I save things. In some circles I might be known as a pack rat. I’d rather be referred to as a “keeper of important things.” In my container that has snaps, hooks & eyes and other closures is an old card that used to have snaps snapped to it.
If you will click on the above pic, you will see that the empty card on the left is from “Penneys” and the price printed right on the card is 13¢ ! I don’t know the year that those snaps were bought, but Pennys is now known as JC Penney and certainly does not sell snaps today. The card on the left has snaps made by Dritz and they sell for $2.29 today at JoAnn. Same amount of snaps – 12 of them – but very different pricing!
I did a search in Bing for “calculate percentage increase” and got a formula that gave me a price increase of 1661.54%. That’s One Thousand Six Hundred plus percent increase!
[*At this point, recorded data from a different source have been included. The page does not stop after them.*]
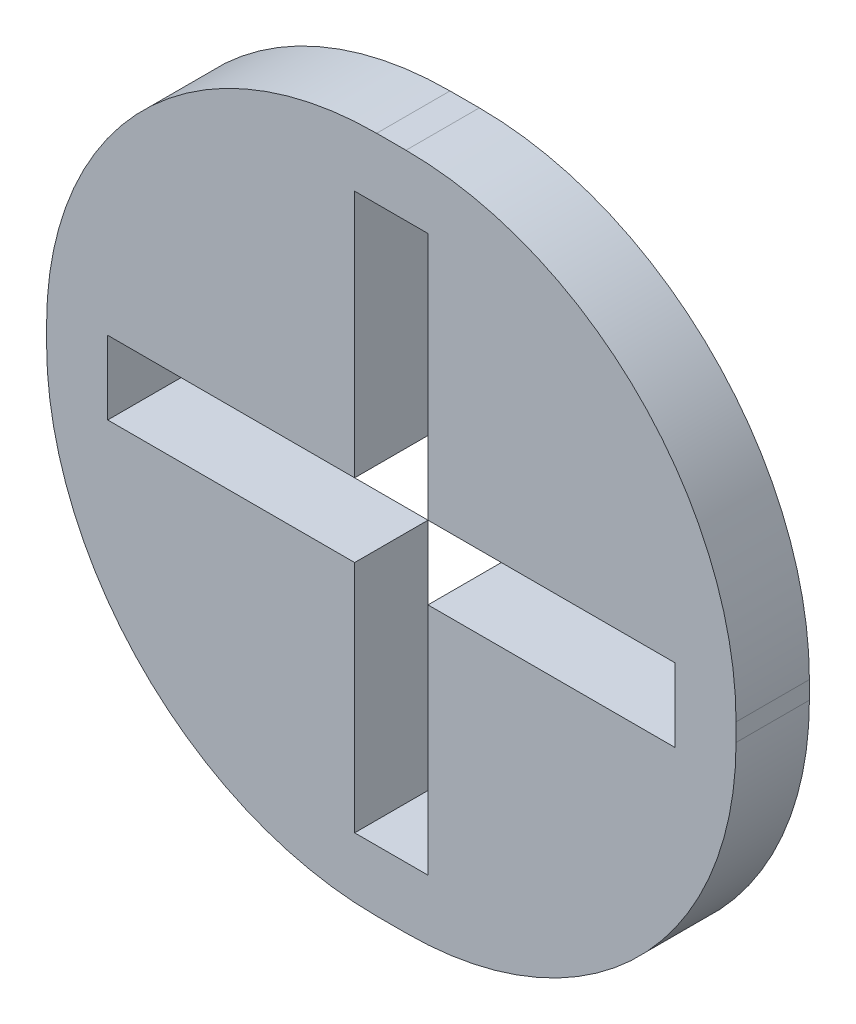
ISO-10303-21;
HEADER;
FILE_DESCRIPTION(('STEP AP214'),'2;1');
FILE_NAME('part.step','',(''),(''),'','','');
FILE_SCHEMA(('AUTOMOTIVE_DESIGN { 1 0 10303 214 1 1 1 1 }'));
ENDSEC;
DATA;
#1=APPLICATION_CONTEXT('core data for automotive mechanical design processes');
#2=APPLICATION_PROTOCOL_DEFINITION('international standard','automotive_design',2000,#1);
#3=PRODUCT_CONTEXT('',#1,'mechanical');
#4=PRODUCT('Part','Part','',(#3));
#5=PRODUCT_RELATED_PRODUCT_CATEGORY('part','',(#4));
#6=PRODUCT_DEFINITION_FORMATION('','',#4);
#7=PRODUCT_DEFINITION_CONTEXT('part definition',#1,'design');
#8=PRODUCT_DEFINITION('design','',#6,#7);
#9=PRODUCT_DEFINITION_SHAPE('','',#8);
#10=(LENGTH_UNIT() NAMED_UNIT(*) SI_UNIT(.MILLI.,.METRE.));
#11=(NAMED_UNIT(*) PLANE_ANGLE_UNIT() SI_UNIT($,.RADIAN.));
#12=(NAMED_UNIT(*) SI_UNIT($,.STERADIAN.) SOLID_ANGLE_UNIT());
#13=UNCERTAINTY_MEASURE_WITH_UNIT(LENGTH_MEASURE(1.E-05),#10,'distance_accuracy_value','');
#14=(GEOMETRIC_REPRESENTATION_CONTEXT(3) GLOBAL_UNCERTAINTY_ASSIGNED_CONTEXT((#13)) GLOBAL_UNIT_ASSIGNED_CONTEXT((#10,
#11,#12)) REPRESENTATION_CONTEXT('',''));
#15=CARTESIAN_POINT('',(0.,0.,0.));
#16=DIRECTION('',(0.,0.,1.));
#17=DIRECTION('',(1.,0.,0.));
#18=AXIS2_PLACEMENT_3D('',#15,#16,#17);
#19=CARTESIAN_POINT('',(0.,13.865,3.));
#20=DIRECTION('',(0.,-1.,0.));
#21=DIRECTION('',(0.,0.,-1.));
#22=AXIS2_PLACEMENT_3D('',#19,#20,#21);
#23=PLANE('',#22);
#24=DIRECTION('',(-1.,0.,0.));
#25=VECTOR('',#24,1.);
#26=CARTESIAN_POINT('',(0.,13.865,0.));
#27=LINE('',#26,#25);
#28=CARTESIAN_POINT('',(0.599999999999993,13.865,0.));
#29=VERTEX_POINT('',#28);
#30=CARTESIAN_POINT('',(-0.60000000000001,13.865,0.));
#31=VERTEX_POINT('',#30);
#32=EDGE_CURVE('E254',#29,#31,#27,.T.);
#33=ORIENTED_EDGE('',*,*,#32,.T.);
#34=DIRECTION('',(0.,0.,-1.));
#35=VECTOR('',#34,1.);
#36=CARTESIAN_POINT('',(-0.60000000000001,13.865,3.));
#37=LINE('',#36,#35);
#38=CARTESIAN_POINT('',(-0.60000000000001,13.865,3.));
#39=VERTEX_POINT('',#38);
#40=EDGE_CURVE('E11',#39,#31,#37,.T.);
#41=ORIENTED_EDGE('',*,*,#40,.F.);
#42=DIRECTION('',(-1.,0.,0.));
#43=VECTOR('',#42,1.);
#44=CARTESIAN_POINT('',(0.,13.865,3.));
#45=LINE('',#44,#43);
#46=CARTESIAN_POINT('',(0.599999999999993,13.865,3.));
#47=VERTEX_POINT('',#46);
#48=EDGE_CURVE('E405',#47,#39,#45,.T.);
#49=ORIENTED_EDGE('',*,*,#48,.F.);
#50=DIRECTION('',(0.,0.,-1.));
#51=VECTOR('',#50,1.);
#52=CARTESIAN_POINT('',(0.599999999999993,13.865,3.));
#53=LINE('',#52,#51);
#54=EDGE_CURVE('E281',#47,#29,#53,.T.);
#55=ORIENTED_EDGE('',*,*,#54,.T.);
#56=EDGE_LOOP('',(#33,#41,#49,#55));
#57=FACE_BOUND('',#56,.T.);
#58=ADVANCED_FACE('F45',(#57),#23,.F.);
#59=CARTESIAN_POINT('',(-0.600000000000008,0.365000000000019,3.));
#60=DIRECTION('',(0.,0.,-1.));
#61=DIRECTION('',(-1.,0.,0.));
#62=AXIS2_PLACEMENT_3D('',#59,#60,#61);
#63=CYLINDRICAL_SURFACE('',#62,13.5);
#64=CARTESIAN_POINT('',(-0.600000000000008,0.365000000000019,0.));
#65=DIRECTION('',(0.,0.,1.));
#66=DIRECTION('',(1.,0.,0.));
#67=AXIS2_PLACEMENT_3D('',#64,#65,#66);
#68=CIRCLE('',#67,13.5);
#69=CARTESIAN_POINT('',(-14.1,0.365000000000011,0.));
#70=VERTEX_POINT('',#69);
#71=EDGE_CURVE('E258',#31,#70,#68,.T.);
#72=ORIENTED_EDGE('',*,*,#71,.T.);
#73=DIRECTION('',(0.,0.,-1.));
#74=VECTOR('',#73,1.);
#75=CARTESIAN_POINT('',(-14.1,0.365000000000011,3.));
#76=LINE('',#75,#74);
#77=CARTESIAN_POINT('',(-14.1,0.365000000000011,3.));
#78=VERTEX_POINT('',#77);
#79=EDGE_CURVE('E56',#78,#70,#76,.T.);
#80=ORIENTED_EDGE('',*,*,#79,.F.);
#81=CARTESIAN_POINT('',(-0.600000000000008,0.365000000000019,3.));
#82=DIRECTION('',(0.,0.,1.));
#83=DIRECTION('',(1.,0.,0.));
#84=AXIS2_PLACEMENT_3D('',#81,#82,#83);
#85=CIRCLE('',#84,13.5);
#86=EDGE_CURVE('E408',#39,#78,#85,.T.);
#87=ORIENTED_EDGE('',*,*,#86,.F.);
#88=ORIENTED_EDGE('',*,*,#40,.T.);
#89=EDGE_LOOP('',(#72,#80,#87,#88));
#90=FACE_BOUND('',#89,.T.);
#91=ADVANCED_FACE('F440',(#90),#63,.T.);
#92=CARTESIAN_POINT('',(-14.1,-1.00518908265503E-13,3.));
#93=DIRECTION('',(-1.,0.,0.));
#94=DIRECTION('',(0.,-1.,0.));
#95=AXIS2_PLACEMENT_3D('',#92,#93,#94);
#96=PLANE('',#95);
#97=DIRECTION('',(0.,1.,0.));
#98=VECTOR('',#97,1.);
#99=CARTESIAN_POINT('',(-14.1,-1.00518908265503E-13,0.));
#100=LINE('',#99,#98);
#101=CARTESIAN_POINT('',(-14.1,-0.365000000000006,0.));
#102=VERTEX_POINT('',#101);
#103=EDGE_CURVE('E262',#102,#70,#100,.T.);
#104=ORIENTED_EDGE('',*,*,#103,.F.);
#105=DIRECTION('',(0.,0.,-1.));
#106=VECTOR('',#105,1.);
#107=CARTESIAN_POINT('',(-14.1,-0.365000000000006,3.));
#108=LINE('',#107,#106);
#109=CARTESIAN_POINT('',(-14.1,-0.365000000000006,3.));
#110=VERTEX_POINT('',#109);
#111=EDGE_CURVE('E291',#110,#102,#108,.T.);
#112=ORIENTED_EDGE('',*,*,#111,.F.);
#113=DIRECTION('',(0.,1.,0.));
#114=VECTOR('',#113,1.);
#115=CARTESIAN_POINT('',(-14.1,-1.00518908265503E-13,3.));
#116=LINE('',#115,#114);
#117=EDGE_CURVE('E411',#110,#78,#116,.T.);
#118=ORIENTED_EDGE('',*,*,#117,.T.);
#119=ORIENTED_EDGE('',*,*,#79,.T.);
#120=EDGE_LOOP('',(#104,#112,#118,#119));
#121=FACE_BOUND('',#120,.T.);
#122=ADVANCED_FACE('F445',(#121),#96,.T.);
#123=CARTESIAN_POINT('',(-0.600000000000008,-0.364999999999998,3.));
#124=DIRECTION('',(0.,0.,-1.));
#125=DIRECTION('',(-1.,0.,0.));
#126=AXIS2_PLACEMENT_3D('',#123,#124,#125);
#127=CYLINDRICAL_SURFACE('',#126,13.5);
#128=CARTESIAN_POINT('',(-0.600000000000008,-0.364999999999998,0.));
#129=DIRECTION('',(0.,0.,1.));
#130=DIRECTION('',(1.,0.,0.));
#131=AXIS2_PLACEMENT_3D('',#128,#129,#130);
#132=CIRCLE('',#131,13.5);
#133=CARTESIAN_POINT('',(-0.600000000000006,-13.865,0.));
#134=VERTEX_POINT('',#133);
#135=EDGE_CURVE('E266',#134,#102,#132,.F.);
#136=ORIENTED_EDGE('',*,*,#135,.F.);
#137=DIRECTION('',(0.,0.,-1.));
#138=VECTOR('',#137,1.);
#139=CARTESIAN_POINT('',(-0.600000000000006,-13.865,3.));
#140=LINE('',#139,#138);
#141=CARTESIAN_POINT('',(-0.600000000000006,-13.865,3.));
#142=VERTEX_POINT('',#141);
#143=EDGE_CURVE('E288',#142,#134,#140,.T.);
#144=ORIENTED_EDGE('',*,*,#143,.F.);
#145=CARTESIAN_POINT('',(-0.600000000000008,-0.364999999999998,3.));
#146=DIRECTION('',(0.,0.,1.));
#147=DIRECTION('',(1.,0.,0.));
#148=AXIS2_PLACEMENT_3D('',#145,#146,#147);
#149=CIRCLE('',#148,13.5);
#150=EDGE_CURVE('E415',#142,#110,#149,.F.);
#151=ORIENTED_EDGE('',*,*,#150,.T.);
#152=ORIENTED_EDGE('',*,*,#111,.T.);
#153=EDGE_LOOP('',(#136,#144,#151,#152));
#154=FACE_BOUND('',#153,.T.);
#155=ADVANCED_FACE('F608',(#154),#127,.T.);
#156=CARTESIAN_POINT('',(0.,-13.865,3.));
#157=DIRECTION('',(0.,-1.,0.));
#158=DIRECTION('',(0.,0.,-1.));
#159=AXIS2_PLACEMENT_3D('',#156,#157,#158);
#160=PLANE('',#159);
#161=DIRECTION('',(-1.,0.,0.));
#162=VECTOR('',#161,1.);
#163=CARTESIAN_POINT('',(0.,-13.865,0.));
#164=LINE('',#163,#162);
#165=CARTESIAN_POINT('',(0.600000000000006,-13.865,0.));
#166=VERTEX_POINT('',#165);
#167=EDGE_CURVE('E270',#166,#134,#164,.T.);
#168=ORIENTED_EDGE('',*,*,#167,.F.);
#169=DIRECTION('',(0.,0.,-1.));
#170=VECTOR('',#169,1.);
#171=CARTESIAN_POINT('',(0.600000000000006,-13.865,3.));
#172=LINE('',#171,#170);
#173=CARTESIAN_POINT('',(0.600000000000006,-13.865,3.));
#174=VERTEX_POINT('',#173);
#175=EDGE_CURVE('E212',#174,#166,#172,.T.);
#176=ORIENTED_EDGE('',*,*,#175,.F.);
#177=DIRECTION('',(-1.,0.,0.));
#178=VECTOR('',#177,1.);
#179=CARTESIAN_POINT('',(0.,-13.865,3.));
#180=LINE('',#179,#178);
#181=EDGE_CURVE('E203',#174,#142,#180,.T.);
#182=ORIENTED_EDGE('',*,*,#181,.T.);
#183=ORIENTED_EDGE('',*,*,#143,.T.);
#184=EDGE_LOOP('',(#168,#176,#182,#183));
#185=FACE_BOUND('',#184,.T.);
#186=ADVANCED_FACE('F421',(#185),#160,.T.);
#187=CARTESIAN_POINT('',(0.6,-0.364999999999997,3.));
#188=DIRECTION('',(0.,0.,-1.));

That can’t be right! Anyone out there who knows their math? Let me know if that percentage is right.
Actually, I got the snaps from JoAnn on sale and only paid half-price $1.14. And using the same formula to calculate the percentage it was only a 776%+ increase. Such a deal …
5 comments:
1,661.54% more than the old price of 13 cents is correct. Remember that 100% = 1. 2.29 divided by .13 is 17.64154.
My guess is that snaps were bought at Penneys in 1960s. I started sewing in the early 70s and don't remember prices that low.
Thank you, Susan for letting me know that the percentage was correct. But I'm not thankful that things have increased in price at that high of a rate. I know my salary didn't! LOL
And you are probably right about the snaps from Penneys coming from the '60's. I knew it had to be sometime between 1961 and 1972.
You are so right!
A quick check in my studio revealed a card of 8 buttons for 29 cents!
evoraffn
I don't think of us as 'pack rats'...my hubby and I just live by the saying 'waste not, want not'. I have some old spools of 50 wt cotton threat for 19 cents. The buttonhole twist was more expensive @ 20 cents. And the spools are made of wood. Don't you just love those 'keepers'.
Robbie, I also have a few of the wooden spools. My grandchildren have been fascinated by the fact that thread once came on wooden spools.